At 2 p.m. on Saturday in the Hall of Philosophy, Eig will present the concluding lecture of the Chautauqua Women’s Club’s 2019 Contemporary Issues Forum. Titled, “Life of Muhammad Ali,” it draws on his extensively researched, multiple award-winning, New York Times best-selling biography, Ali: A Life.

Eig has taught and spoken about his work at Chautauqua Institution several times since he first set foot on the grounds during the 2010 season. On Thursday, he gave a talk about Gehrig at the Sports Club.

“A friend of mine (from Chicago) … thought I would like (the Institution) and suggested that I come talk about Lou Gehrig,” Eig said. “And he convinced the Cinema to show ‘The Pride of the Yankees’ (about New York Yankees first baseman, Lou Gehrig) and then have me speak about the movie after it was over. And then Mark Altschuler invited me to co-teach a baseball class with Special Studies. So these friends just sort of found a way to get me engaged here.”

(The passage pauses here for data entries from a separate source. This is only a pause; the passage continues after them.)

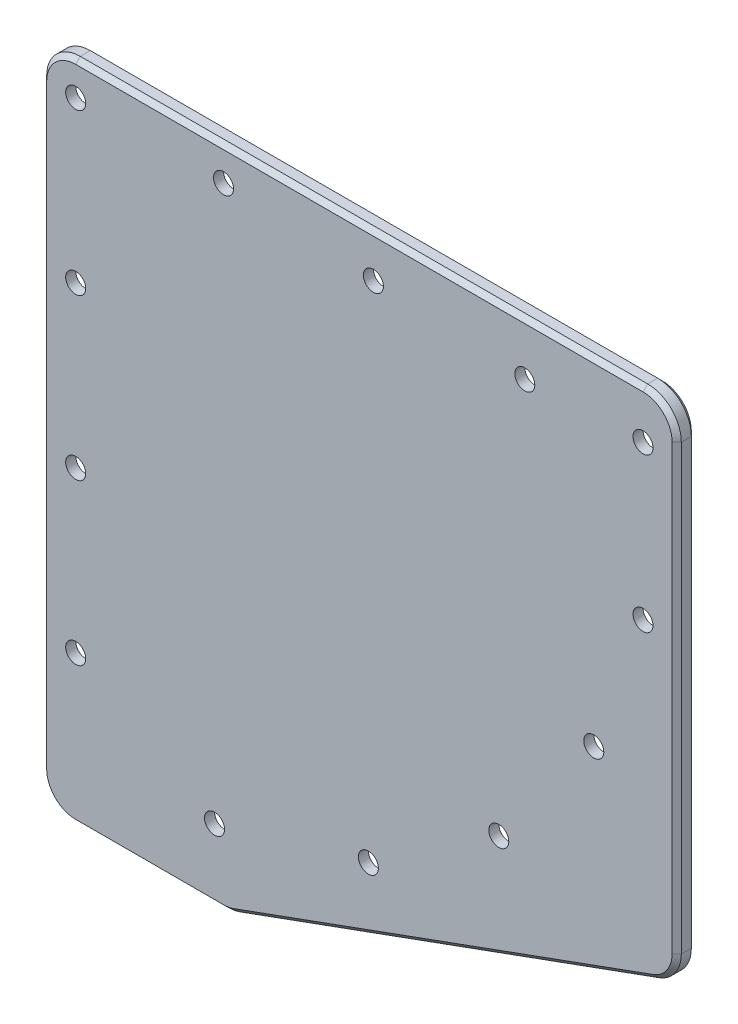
ISO-10303-21;
HEADER;
FILE_DESCRIPTION(('STEP AP214'),'2;1');
FILE_NAME('part.step','',(''),(''),'','','');
FILE_SCHEMA(('AUTOMOTIVE_DESIGN { 1 0 10303 214 1 1 1 1 }'));
ENDSEC;
DATA;
#1=APPLICATION_CONTEXT('core data for automotive mechanical design processes');
#2=APPLICATION_PROTOCOL_DEFINITION('international standard','automotive_design',2000,#1);
#3=PRODUCT_CONTEXT('',#1,'mechanical');
#4=PRODUCT('Part','Part','',(#3));
#5=PRODUCT_RELATED_PRODUCT_CATEGORY('part','',(#4));
#6=PRODUCT_DEFINITION_FORMATION('','',#4);
#7=PRODUCT_DEFINITION_CONTEXT('part definition',#1,'design');
#8=PRODUCT_DEFINITION('design','',#6,#7);
#9=PRODUCT_DEFINITION_SHAPE('','',#8);
#10=(LENGTH_UNIT() NAMED_UNIT(*) SI_UNIT(.MILLI.,.METRE.));
#11=(NAMED_UNIT(*) PLANE_ANGLE_UNIT() SI_UNIT($,.RADIAN.));
#12=(NAMED_UNIT(*) SI_UNIT($,.STERADIAN.) SOLID_ANGLE_UNIT());
#13=UNCERTAINTY_MEASURE_WITH_UNIT(LENGTH_MEASURE(1.E-05),#10,'distance_accuracy_value','');
#14=(GEOMETRIC_REPRESENTATION_CONTEXT(3) GLOBAL_UNCERTAINTY_ASSIGNED_CONTEXT((#13)) GLOBAL_UNIT_ASSIGNED_CONTEXT((#10,
#11,#12)) REPRESENTATION_CONTEXT('',''));
#15=CARTESIAN_POINT('',(0.,0.,0.));
#16=DIRECTION('',(0.,0.,1.));
#17=DIRECTION('',(1.,0.,0.));
#18=AXIS2_PLACEMENT_3D('',#15,#16,#17);
#19=CARTESIAN_POINT('',(0.,0.,-6.34999999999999));
#20=DIRECTION('',(0.,0.,-1.));
#21=DIRECTION('',(-1.,0.,0.));
#22=AXIS2_PLACEMENT_3D('',#19,#20,#21);
#23=PLANE('',#22);
#24=CARTESIAN_POINT('',(198.4248,-15.9258,-6.34999999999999));
#25=DIRECTION('',(0.,0.,-1.));
#26=DIRECTION('',(-1.,0.,0.));
#27=AXIS2_PLACEMENT_3D('',#24,#25,#26);
#28=CIRCLE('',#27,9.14400000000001);
#29=CARTESIAN_POINT('',(189.2808,-15.9258,-6.34999999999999));
#30=VERTEX_POINT('',#29);
#31=EDGE_CURVE('E448',#30,#30,#28,.F.);
#32=ORIENTED_EDGE('',*,*,#31,.T.);
#33=EDGE_LOOP('',(#32));
#34=FACE_BOUND('',#33,.T.);
#35=CARTESIAN_POINT('',(159.385,-17.4498,-6.34999999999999));
#36=DIRECTION('',(0.,0.,-1.));
#37=DIRECTION('',(-1.,0.,0.));
#38=AXIS2_PLACEMENT_3D('',#35,#36,#37);
#39=CIRCLE('',#38,9.14400000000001);
#40=CARTESIAN_POINT('',(150.241,-17.4498,-6.34999999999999));
#41=VERTEX_POINT('',#40);
#42=EDGE_CURVE('E445',#41,#41,#39,.F.);
#43=ORIENTED_EDGE('',*,*,#42,.T.);
#44=EDGE_LOOP('',(#43));
#45=FACE_BOUND('',#44,.T.);
#46=CARTESIAN_POINT('',(109.3978,-14.2748,-6.34999999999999));
#47=DIRECTION('',(0.,0.,-1.));
#48=DIRECTION('',(-1.,0.,0.));
#49=AXIS2_PLACEMENT_3D('',#46,#47,#48);
#50=CIRCLE('',#49,9.14400000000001);
#51=CARTESIAN_POINT('',(100.2538,-14.2748,-6.34999999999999));
#52=VERTEX_POINT('',#51);
#53=EDGE_CURVE('E442',#52,#52,#50,.F.);
#54=ORIENTED_EDGE('',*,*,#53,.T.);
#55=EDGE_LOOP('',(#54));
#56=FACE_BOUND('',#55,.T.);
#57=CARTESIAN_POINT('',(59.9186,-11.0998,-6.34999999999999));
#58=DIRECTION('',(0.,0.,-1.));
#59=DIRECTION('',(-1.,0.,0.));
#60=AXIS2_PLACEMENT_3D('',#57,#58,#59);
#61=CIRCLE('',#60,9.14400000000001);
#62=CARTESIAN_POINT('',(50.7746,-11.0998,-6.34999999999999));
#63=VERTEX_POINT('',#62);
#64=EDGE_CURVE('E439',#63,#63,#61,.F.);
#65=ORIENTED_EDGE('',*,*,#64,.T.);
#66=EDGE_LOOP('',(#65));
#67=FACE_BOUND('',#66,.T.);
#68=CARTESIAN_POINT('',(11.0998,-11.0998,-6.34999999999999));
#69=DIRECTION('',(0.,0.,-1.));
#70=DIRECTION('',(-1.,0.,0.));
#71=AXIS2_PLACEMENT_3D('',#68,#69,#70);
#72=CIRCLE('',#71,9.14400000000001);
#73=CARTESIAN_POINT('',(1.95579999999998,-11.0998,-6.34999999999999));
#74=VERTEX_POINT('',#73);
#75=EDGE_CURVE('E436',#74,#74,#72,.F.);
#76=ORIENTED_EDGE('',*,*,#75,.T.);
#77=EDGE_LOOP('',(#76));
#78=FACE_BOUND('',#77,.T.);
#79=CARTESIAN_POINT('',(11.0998,-64.008,-6.34999999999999));
#80=DIRECTION('',(0.,0.,-1.));
#81=DIRECTION('',(-1.,0.,0.));
#82=AXIS2_PLACEMENT_3D('',#79,#80,#81);
#83=CIRCLE('',#82,9.14400000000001);
#84=CARTESIAN_POINT('',(1.95579999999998,-64.008,-6.34999999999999));
#85=VERTEX_POINT('',#84);
#86=EDGE_CURVE('E433',#85,#85,#83,.F.);
#87=ORIENTED_EDGE('',*,*,#86,.T.);
#88=EDGE_LOOP('',(#87));
#89=FACE_BOUND('',#88,.T.);
#90=CARTESIAN_POINT('',(11.0998,-116.9162,-6.34999999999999));
#91=DIRECTION('',(0.,0.,-1.));
#92=DIRECTION('',(-1.,0.,0.));
#93=AXIS2_PLACEMENT_3D('',#90,#91,#92);
#94=CIRCLE('',#93,9.14400000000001);
#95=CARTESIAN_POINT('',(1.95579999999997,-116.9162,-6.34999999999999));
#96=VERTEX_POINT('',#95);
#97=EDGE_CURVE('E430',#96,#96,#94,.F.);
#98=ORIENTED_EDGE('',*,*,#97,.T.);
#99=EDGE_LOOP('',(#98));
#100=FACE_BOUND('',#99,.T.);
#101=CARTESIAN_POINT('',(11.0998,-169.8244,-6.34999999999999));
#102=DIRECTION('',(0.,0.,-1.));
#103=DIRECTION('',(-1.,0.,0.));
#104=AXIS2_PLACEMENT_3D('',#101,#102,#103);
#105=CIRCLE('',#104,9.14400000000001);
#106=CARTESIAN_POINT('',(1.95579999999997,-169.8244,-6.34999999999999));
#107=VERTEX_POINT('',#106);
#108=EDGE_CURVE('E427',#107,#107,#105,.F.);
#109=ORIENTED_EDGE('',*,*,#108,.T.);
#110=EDGE_LOOP('',(#109));
#111=FACE_BOUND('',#110,.T.);
#112=CARTESIAN_POINT('',(56.9468,-195.7324,-6.34999999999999));
#113=DIRECTION('',(0.,0.,-1.));
#114=DIRECTION('',(-1.,0.,0.));
#115=AXIS2_PLACEMENT_3D('',#112,#113,#114);
#116=CIRCLE('',#115,9.14400000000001);
#117=CARTESIAN_POINT('',(47.8028,-195.7324,-6.34999999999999));
#118=VERTEX_POINT('',#117);
#119=EDGE_CURVE('E424',#118,#118,#116,.F.);
#120=ORIENTED_EDGE('',*,*,#119,.T.);
#121=EDGE_LOOP('',(#120));
#122=FACE_BOUND('',#121,.T.);
#123=CARTESIAN_POINT('',(107.7468,-181.4576,-6.34999999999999));
#124=DIRECTION('',(0.,0.,-1.));
#125=DIRECTION('',(-1.,0.,0.));
#126=AXIS2_PLACEMENT_3D('',#123,#124,#125);
#127=CIRCLE('',#126,9.14400000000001);
#128=CARTESIAN_POINT('',(98.6028,-181.4576,-6.34999999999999));
#129=VERTEX_POINT('',#128);
#130=EDGE_CURVE('E421',#129,#129,#127,.F.);
#131=ORIENTED_EDGE('',*,*,#130,.T.);
#132=EDGE_LOOP('',(#131));
#133=FACE_BOUND('',#132,.T.);
#134=CARTESIAN_POINT('',(150.7998,-152.2984,-6.34999999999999));
#135=DIRECTION('',(0.,0.,-1.));
#136=DIRECTION('',(-1.,0.,0.));
#137=AXIS2_PLACEMENT_3D('',#134,#135,#136);
#138=CIRCLE('',#137,9.14400000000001);
#139=CARTESIAN_POINT('',(141.6558,-152.2984,-6.34999999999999));
#140=VERTEX_POINT('',#139);
#141=EDGE_CURVE('E418',#140,#140,#138,.F.);
#142=ORIENTED_EDGE('',*,*,#141,.T.);
#143=EDGE_LOOP('',(#142));
#144=FACE_BOUND('',#143,.T.);
#145=CARTESIAN_POINT('',(182.1688,-111.0234,-6.34999999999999));
#146=DIRECTION('',(0.,0.,-1.));
#147=DIRECTION('',(-1.,0.,0.));
#148=AXIS2_PLACEMENT_3D('',#145,#146,#147);
#149=CIRCLE('',#148,9.14400000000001);
#150=CARTESIAN_POINT('',(173.0248,-111.0234,-6.34999999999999));
#151=VERTEX_POINT('',#150);
#152=EDGE_CURVE('E415',#151,#151,#149,.F.);
#153=ORIENTED_EDGE('',*,*,#152,.T.);
#154=EDGE_LOOP('',(#153));
#155=FACE_BOUND('',#154,.T.);
#156=CARTESIAN_POINT('',(198.4248,-66.7258,-6.34999999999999));
#157=DIRECTION('',(0.,0.,-1.));
#158=DIRECTION('',(-1.,0.,0.));
#159=AXIS2_PLACEMENT_3D('',#156,#157,#158);
#160=CIRCLE('',#159,9.14400000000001);
#161=CARTESIAN_POINT('',(189.2808,-66.7258,-6.34999999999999));
#162=VERTEX_POINT('',#161);
#163=EDGE_CURVE('E412',#162,#162,#160,.F.);
#164=ORIENTED_EDGE('',*,*,#163,.T.);
#165=EDGE_LOOP('',(#164));
#166=FACE_BOUND('',#165,.T.);
#167=DIRECTION('',(0.,-1.,0.));
#168=VECTOR('',#167,1.);
#169=CARTESIAN_POINT('',(208.026,0.,-6.34999999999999));
#170=LINE('',#169,#168);
#171=CARTESIAN_POINT('',(208.026,-11.0998,-6.34999999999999));
#172=VERTEX_POINT('',#171);
#173=CARTESIAN_POINT('',(208.026,-157.46329301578,-6.34999999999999));
#174=VERTEX_POINT('',#173);
#175=EDGE_CURVE('E371',#172,#174,#170,.T.);
#176=ORIENTED_EDGE('',*,*,#175,.T.);
#177=CARTESIAN_POINT('',(198.4502,-157.46329301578,-6.34999999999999));
#178=DIRECTION('',(0.,0.,-1.));
#179=DIRECTION('',(-1.,0.,0.));
#180=AXIS2_PLACEMENT_3D('',#177,#178,#179);
#181=CIRCLE('',#180,9.5758);
#182=CARTESIAN_POINT('',(201.725316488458,-166.461601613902,-6.34999999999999));
#183=VERTEX_POINT('',#182);
#184=EDGE_CURVE('E373',#174,#183,#181,.T.);
#185=ORIENTED_EDGE('',*,*,#184,.T.);
#186=DIRECTION('',(-0.93969262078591,-0.342020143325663,0.));
#187=VECTOR('',#186,1.);
#188=CARTESIAN_POINT('',(77.0971068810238,-211.822560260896,-6.34999999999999));
#189=LINE('',#188,#187);
#190=CARTESIAN_POINT('',(63.2939222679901,-216.846508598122,-6.34999999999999));
#191=VERTEX_POINT('',#190);
#192=EDGE_CURVE('E369',#183,#191,#189,.T.);
#193=ORIENTED_EDGE('',*,*,#192,.T.);
#194=CARTESIAN_POINT('',(60.0188057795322,-207.8482,-6.34999999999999));
#195=DIRECTION('',(0.,0.,-1.));
#196=DIRECTION('',(-1.,0.,0.));
#197=AXIS2_PLACEMENT_3D('',#194,#195,#196);
#198=CIRCLE('',#197,9.57579999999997);
#199=CARTESIAN_POINT('',(60.0188057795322,-217.424,-6.34999999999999));
#200=VERTEX_POINT('',#199);
#201=EDGE_CURVE('E365',#191,#200,#198,.T.);
#202=ORIENTED_EDGE('',*,*,#201,.T.);
#203=DIRECTION('',(-1.,0.,0.));
#204=VECTOR('',#203,1.);
#205=CARTESIAN_POINT('',(0.,-217.424,-6.34999999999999));
#206=LINE('',#205,#204);
#207=CARTESIAN_POINT('',(11.0998,-217.424,-6.34999999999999));
#208=VERTEX_POINT('',#207);
#209=EDGE_CURVE('E361',#200,#208,#206,.T.);
#210=ORIENTED_EDGE('',*,*,#209,.T.);
#211=CARTESIAN_POINT('',(11.0998,-207.8482,-6.34999999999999));
#212=DIRECTION('',(0.,0.,-1.));
#213=DIRECTION('',(-1.,0.,0.));
#214=AXIS2_PLACEMENT_3D('',#211,#212,#213);
#215=CIRCLE('',#214,9.5758);
#216=CARTESIAN_POINT('',(1.52400000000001,-207.8482,-6.34999999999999));
#217=VERTEX_POINT('',#216);
#218=EDGE_CURVE('E357',#208,#217,#215,.T.);
#219=ORIENTED_EDGE('',*,*,#218,.T.);
#220=DIRECTION('',(0.,1.,0.));
#221=VECTOR('',#220,1.);
#222=CARTESIAN_POINT('',(1.52400000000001,0.,-6.34999999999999));
#223=LINE('',#222,#221);
#224=CARTESIAN_POINT('',(1.52400000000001,-11.0998,-6.34999999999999));
#225=VERTEX_POINT('',#224);
#226=EDGE_CURVE('E355',#217,#225,#223,.T.);
#227=ORIENTED_EDGE('',*,*,#226,.T.);
#228=CARTESIAN_POINT('',(11.0998,-11.0998,-6.34999999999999));
#229=DIRECTION('',(0.,0.,-1.));
#230=DIRECTION('',(-1.,0.,0.));
#231=AXIS2_PLACEMENT_3D('',#228,#229,#230);
#232=CIRCLE('',#231,9.57579999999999);
#233=CARTESIAN_POINT('',(11.0998,-1.52400000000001,-6.34999999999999));
#234=VERTEX_POINT('',#233);
#235=EDGE_CURVE('E359',#225,#234,#232,.T.);
#236=ORIENTED_EDGE('',*,*,#235,.T.);
#237=DIRECTION('',(1.,0.,0.));
#238=VECTOR('',#237,1.);
#239=CARTESIAN_POINT('',(0.,-1.52400000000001,-6.34999999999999));
#240=LINE('',#239,#238);
#241=CARTESIAN_POINT('',(198.4502,-1.52400000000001,-6.34999999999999));
#242=VERTEX_POINT('',#241);
#243=EDGE_CURVE('E363',#234,#242,#240,.T.);
#244=ORIENTED_EDGE('',*,*,#243,.T.);
#245=CARTESIAN_POINT('',(198.4502,-11.0998,-6.34999999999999));
#246=DIRECTION('',(0.,0.,-1.));
#247=DIRECTION('',(-1.,0.,0.));
#248=AXIS2_PLACEMENT_3D('',#245,#246,#247);
#249=CIRCLE('',#248,9.5758);
#250=EDGE_CURVE('E367',#242,#172,#249,.T.);
#251=ORIENTED_EDGE('',*,*,#250,.T.);
#252=EDGE_LOOP('',(#176,#185,#193,#202,#210,#219,#227,#236,#244,#251));
#253=FACE_BOUND('',#252,.T.);
#254=ADVANCED_FACE('F17',(#34,#45,#56,#67,#78,#89,#100,#111,#122,#133,#144,#155,#166,#253),#23,.T.);
#255=CARTESIAN_POINT('',(0.,-218.948,-6.34999999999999));
#256=DIRECTION('',(-1.,0.,0.));
#257=DIRECTION('',(0.,0.,1.));
#258=AXIS2_PLACEMENT_3D('',#255,#256,#257);
#259=PLANE('',#258);
#260=DIRECTION('',(0.,0.,1.));
#261=VECTOR('',#260,1.);
#262=CARTESIAN_POINT('',(0.,-207.8482,-6.34999999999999));
#263=LINE('',#262,#261);
#264=CARTESIAN_POINT('',(0.,-207.8482,-4.82599999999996));
#265=VERTEX_POINT('',#264);
#266=CARTESIAN_POINT('',(0.,-207.8482,-1.52400000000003));
#267=VERTEX_POINT('',#266);
#268=EDGE_CURVE('E314',#265,#267,#263,.T.);
#269=ORIENTED_EDGE('',*,*,#268,.T.);
#270=DIRECTION('',(0.,1.,0.));
#271=VECTOR('',#270,1.);
#272=CARTESIAN_POINT('',(0.,-11.0998,-1.52400000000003));
#273=LINE('',#272,#271);
#274=CARTESIAN_POINT('',(0.,-11.0998,-1.52400000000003));
#275=VERTEX_POINT('',#274);
#276=EDGE_CURVE('E407',#267,#275,#273,.T.);
#277=ORIENTED_EDGE('',*,*,#276,.T.);
#278=DIRECTION('',(0.,0.,1.));
#279=VECTOR('',#278,1.);
#280=CARTESIAN_POINT('',(0.,-11.0998,-6.34999999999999));
#281=LINE('',#280,#279);
#282=CARTESIAN_POINT('',(0.,-11.0998,-4.82599999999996));
#283=VERTEX_POINT('',#282);
#284=EDGE_CURVE('E316',#275,#283,#281,.F.);
#285=ORIENTED_EDGE('',*,*,#284,.T.);
#286=DIRECTION('',(0.,-1.,0.));
#287=VECTOR('',#286,1.);
#288=CARTESIAN_POINT('',(0.,-218.948,-4.82599999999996));
#289=LINE('',#288,#287);
#290=EDGE_CURVE('E39',#283,#265,#289,.T.);
#291=ORIENTED_EDGE('',*,*,#290,.T.);
#292=EDGE_LOOP('',(#269,#277,#285,#291));
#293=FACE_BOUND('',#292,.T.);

Since then, Eig has served as a prose writer-in-residence at the Chautauqua Writers’ Center three times.

“What I hope to do (on Saturday) … is to not just talk about Ali, but to talk about the responsibilities of writing a biography, and how that connects to our theme of the week, which is bridging cultures,” Eig said.

When “you read or write a biography, you’re basically engaging in an act of trying to understand someone other than yourself,” he said. “That’s by definition. I think that’s such an important part of what the lectures this week have been discussing — thinking about what you’re missing.”

Eig got an early start making a career of trying to understand others well enough so that he could write wisely about them.

Born in Brooklyn, he grew up about 30 miles to the north in the Rockland County hamlet of Monsey, and enjoyed being a reporter for his junior and senior high school newspapers so much that he wondered what else he could do.

“I just called the (Rockland County Journal News) and asked if I could do anything,” he said. “I didn’t know anybody. I’d never met a reporter. But … I just thought … ‘I’ll call the sports department and see if I can get any work over there.’ ”

The Journal News hired Eig when he was just 16, to telephone coaches, find out the scores of the games and then phone all of the scores in to the newspaper’s sports desk. Eventually he was asked to come into the office, and later to go out and report on local games.

“When I got my first chance to go out and cover a game and get a byline, that was huge,” Eig said. “I can still remember who played — it was Clarkstown North High School vs. Ramapo High School.”

Certain that journalism was what he wanted to do, he enrolled in Northwestern University’s high school journalism program, was accepted at Northwestern for college, and “absolutely loved it.” 

“I worked at the school paper every day from freshman year to senior year,” Eig said. “And I mean every day. And then … I had (summer) internships. … The first was in Westchester, New York. Then I got an internship at the L.A. Times in their Washington, D.C. bureau. I actually got to cover Ronald Reagan White House press conferences.”

The New Orleans Times-Picayune hired Eig straight out of Northwestern, and he stayed for nearly four years, from 1986 to 1990. He said that initially he was assigned to the suburbs, but after a year, he requested the public housing beat — though such a beat didn’t exist.

“I asked if they would give me that beat because I just thought it was so interesting and … 10% of the city … lived in public housing and nobody was covering it,” Eig said. “And it was like another world to me. I’d never seen anything like it — the poverty, and … the size of those communities, and their density. … I mostly covered crime and urban affairs … and public housing.”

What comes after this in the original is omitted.